The 2020–21 Second League was the 66th season of the Second League, the second tier of the Bulgarian football league system, and the 5th season under this name and current league structure. It was delayed by two weeks due to the COVID-19 situation in Bulgaria, which saw footballers from a number of the participating teams testing positive for COVID-19 in July 2020, with Minyor Pernik especially affected. The season began in August 2020.

The first game of the season was played on 7 August 2020, between Hebar and Pirin Blagoevgrad, ending in a draw.

On 28 September 2020, Vitosha Bistritsa was excluded from the league, after the club announced on the same day that they will withdraw from the competition due to financial problems. The club also announced that they will fold their senior team, only remaining active at youth level. Following Vitosha’s expulsion from the league, the BFU announced that it would annul all of Vitosha’s results from the start of the league until 28 September.

The season started with spectators being allowed (albeit at a reduced stadium capacity), but on 27 October 2020, following a worsening of the epidemiological situation in Bulgaria, Minister of Health Kostadin Angelov issued a decree valid from 29 October until 12 November, stipulating that all matches are to be held behind closed doors. On 12 November 2020, the ban regarding the presence of spectators was extended at least until 30 November. Fans were once again allowed from 24 April 2021 onwards, at 30% stadium capacity, with a maximum of 1000 people per stand. 

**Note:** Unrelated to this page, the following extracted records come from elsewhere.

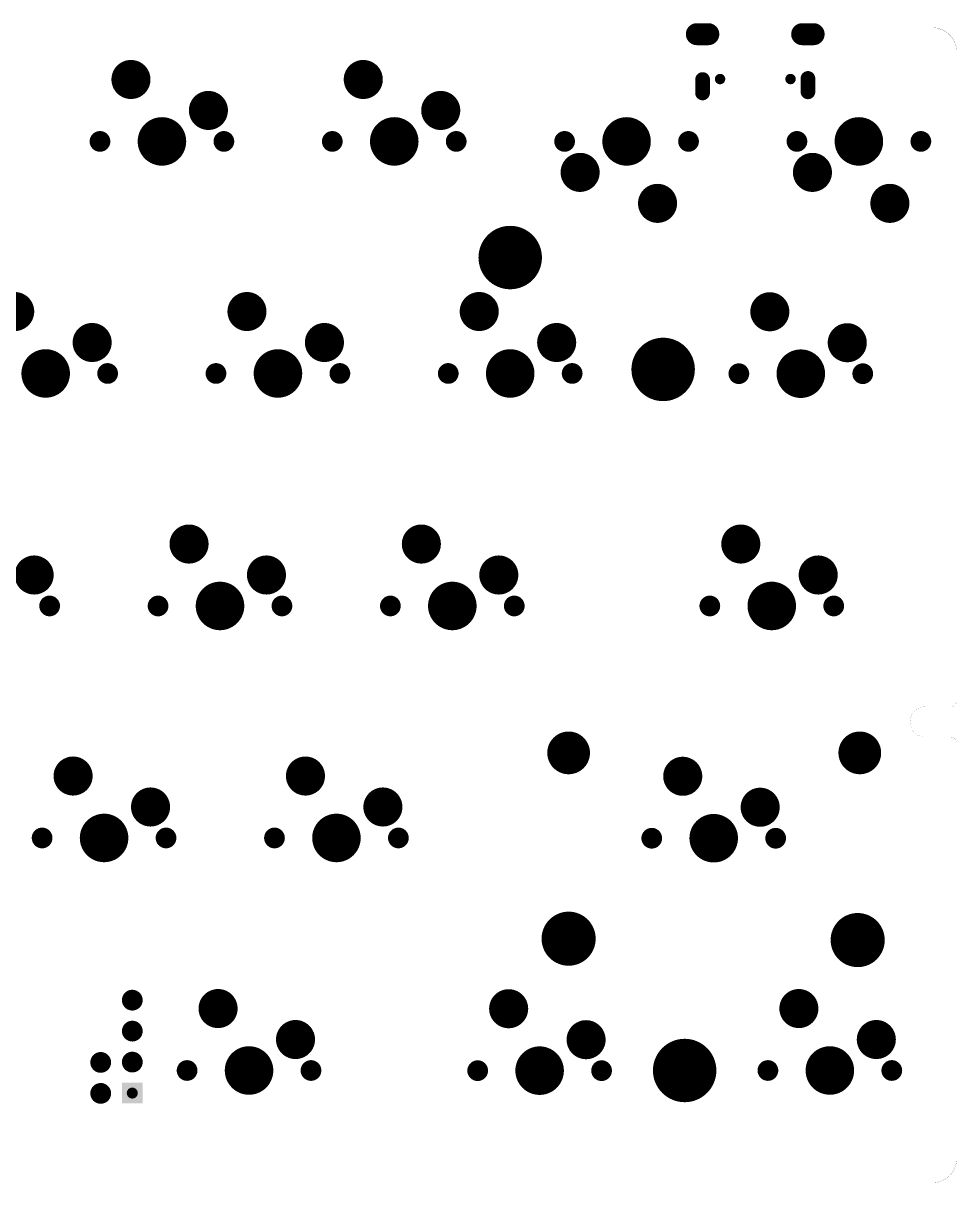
# Model space of a CAD drawing. Header units: millimetres. Extents: x 1049 to 1332, y 1256 to 1351.
# Drawn here: x 1255 to 1331.5, y 1255.5 to 1350.6 of the extents above; entities that cross this region are included whole.
import ezdxf

# ---------------------------------------------------------------- set-up
doc = ezdxf.new("R2010")
doc.units = ezdxf.units.MM
for name, color, linetype in [('BottomSolder', 6, 'Continuous'), ('KeepOutLayer', 6, 'Continuous'), ('PadHoleLayer', 156, 'Continuous')]:
    doc.layers.add(name, color=color, linetype=linetype)

# ---------------------------------------------------------------- blocks, each defined once
blk = doc.blocks.new('TYPE_C_2_76')
at = {"layer": 'BottomSolder'}
for points, const_width in [([(-3.849, 1.551), (-4.789, 1.551)], 1.803), ([(4.787, 1.551), (3.847, 1.551)], 1.803), ([(-4.319, -2.169), (-4.319, -3.269)], 1.203), ([(4.319, -2.079), (4.319, -3.179)], 1.203)]:
    blk.add_lwpolyline(points, dxfattribs=dict(at, const_width=const_width))
for points, const_width in [([(-5.24, 1.551, 1), (-4.338, 1.551, 1)], 0.902), ([(-4.3, 1.551, 1), (-3.398, 1.551, 1)], 0.902), ([(3.396, 1.551, 1), (4.298, 1.551, 1)], 0.902), ([(4.336, 1.551, 1), (5.238, 1.551, 1)], 0.902), ([(-4.62, -2.169, 1), (-4.018, -2.169, 1)], 0.602), ([(-3.099, -2.129, 1), (-2.672, -2.129, 1)], 0.427), ([(2.681, -2.129, 1), (3.108, -2.129, 1)], 0.427), ([(4.018, -2.079, 1), (4.62, -2.079, 1)], 0.602), ([(-4.62, -3.269, 1), (-4.018, -3.269, 1)], 0.602), ([(4.018, -3.179, 1), (4.62, -3.179, 1)], 0.602)]:
    blk.add_lwpolyline(points, format="xyb", close=True, dxfattribs=dict(at, const_width=const_width))
at = {"layer": 'PadHoleLayer'}
for points, const_width in [([(-4.544, 1.326), (-4.544, 1.776, -1), (-4.094, 1.776), (-4.094, 1.326, -1)], 0.15), ([(4.092, 1.326), (4.092, 1.776, -1), (4.542, 1.776), (4.542, 1.326, -1)], 0.15), ([(-3.048, -2.129, 1), (-2.723, -2.129, 1)], 0.325), ([(2.732, -2.129, 1), (3.057, -2.129, 1)], 0.325), ([(4.094, -3.104), (4.094, -2.154, -1), (4.544, -2.154), (4.544, -3.104, -1)], 0.15), ([(-4.544, -3.194), (-4.544, -2.244, -1), (-4.094, -2.244), (-4.094, -3.194, -1)], 0.15)]:
    blk.add_lwpolyline(points, format="xyb", close=True, dxfattribs=dict(at, const_width=const_width))
blk = doc.blocks.new('HDR1X4_79')
at = {"layer": 'BottomSolder', "const_width": 0.852}
for points in [[(2.114, 0, 1), (2.966, 0, 1)], [(4.654, 0, 1), (5.506, 0, 1)], [(7.194, 0, 1), (8.046, 0, 1)]]:
    blk.add_lwpolyline(points, format="xyb", close=True, dxfattribs=at)
at = {"layer": 'BottomSolder'}
blk.add_solid([(-0.852, -0.852), (0.852, -0.852), (-0.852, 0.852), (0.852, 0.852)], dxfattribs=at)
at = {"layer": 'PadHoleLayer', "const_width": 0.45}
for points in [[(-0.225, 0, 1), (0.225, 0, 1)], [(2.315, 0, 1), (2.765, 0, 1)], [(4.855, 0, 1), (5.305, 0, 1)], [(7.395, 0, 1), (7.845, 0, 1)]]:
    blk.add_lwpolyline(points, format="xyb", close=True, dxfattribs=at)
blk = doc.blocks.new('JUMP_WIRE_80')
at = {"layer": 'BottomSolder', "const_width": 0.852}
for points in [[(-0.426, 0, 1), (0.426, 0, 1)], [(2.114, 0, 1), (2.966, 0, 1)]]:
    blk.add_lwpolyline(points, format="xyb", close=True, dxfattribs=at)
at = {"layer": 'PadHoleLayer', "const_width": 0.457}
for points in [[(-0.229, 0, 1), (0.229, 0, 1)], [(2.311, 0, 1), (2.769, 0, 1)]]:
    blk.add_lwpolyline(points, format="xyb", close=True, dxfattribs=at)
blk = doc.blocks.new('2X____83')
at = {"layer": 'BottomSolder'}
for points, const_width in [([(-12.773, 7, 1), (-11.021, 7, 1)], 1.753), ([(11.103, 7, 1), (12.855, 7, 1)], 1.753), ([(-13.006, -8.24, 1), (-10.788, -8.24, 1)], 2.219), ([(10.697, -8.354, 1), (12.916, -8.354, 1)], 2.219)]:
    blk.add_lwpolyline(points, format="xyb", close=True, dxfattribs=dict(at, const_width=const_width))
at = {"layer": 'PadHoleLayer'}
for points, const_width in [([(-12.659, 7, 1), (-11.135, 7, 1)], 1.524), ([(11.217, 7, 1), (12.741, 7, 1)], 1.524), ([(-12.892, -8.24, 1), (-10.902, -8.24, 1)], 1.99), ([(10.812, -8.354, 1), (12.802, -8.354, 1)], 1.99)]:
    blk.add_lwpolyline(points, format="xyb", close=True, dxfattribs=dict(at, const_width=const_width))
blk = doc.blocks.new('____90')
at = {"layer": 'BottomSolder'}
for points, const_width in [([(-3.341, 5.08, 1), (-1.739, 5.08, 1)], 1.602), ([(3.009, 2.54, 1), (4.611, 2.54, 1)], 1.602), ([(-0.995, 0, 1), (0.995, 0, 1)], 1.99), ([(-5.505, 0, 1), (-4.655, 0, 1)], 0.85), ([(4.655, 0, 1), (5.505, 0, 1)], 0.85)]:
    blk.add_lwpolyline(points, format="xyb", close=True, dxfattribs=dict(at, const_width=const_width))
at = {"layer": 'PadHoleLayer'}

On 7 December 2020, the match between Ludogorets II and Neftochimic was abandoned early in the first half with the score 2:0 in favour of the hosts after a Neftochimic player sustained an injury, reducing his side to 6 men. The guests had started the match with 7 players due to a wage-related boycott from the senior footballers and a ban on players under the age of 18 participating in sports events because of the coronavirus. Ludogorets II were eventually awarded a 5:0 win.

After the first half of the season ended in December, Kariana Erden announced that the team would withdraw from the league, due to personal reasons related to its owners. Kariana's results would not be annulled, though, as per the BFU rules, teams that withdraw from the league during, or after the winter break will not have their results annulled.

On 23 April 2021, Pirin Blagoevgrad were promoted to the First League after a 2-0 away win against Litex Lovech.

Teams
The following teams have changed division since the 2019–20 season.

To Second League 
Promoted from Third League
 Dobrudzha Dobrich
 Sozopol
 Yantra Gabrovo
 Minyor Pernik
 Septemvri Simitli
 Sportist Svoge

Relegated from First League
 Vitosha Bistritsa
 Dunav Ruse

From Second League 
Relegated to Third League
 Pomorie
 Spartak Pleven
 Spartak Varna
 Botev Galabovo
 Chernomorets Balchik

Promoted to First League
 CSKA 1948 Sofia
 Montana
Note: Dunav Ruse, who were relegated from the First League, failed to obtain a professional license from the Bulgarian Football Union with the team instead entering the Northeast group of the Third Football League. As a result, the Second League will consist of only 17 teams with no replacement team for Dunav's vacated spot.

Stadia and locations

Personnel and sponsorship

Note: Flags indicate national team as has been defined under FIFA eligibility rules. Players and managers may hold more than one non-FIFA nationality.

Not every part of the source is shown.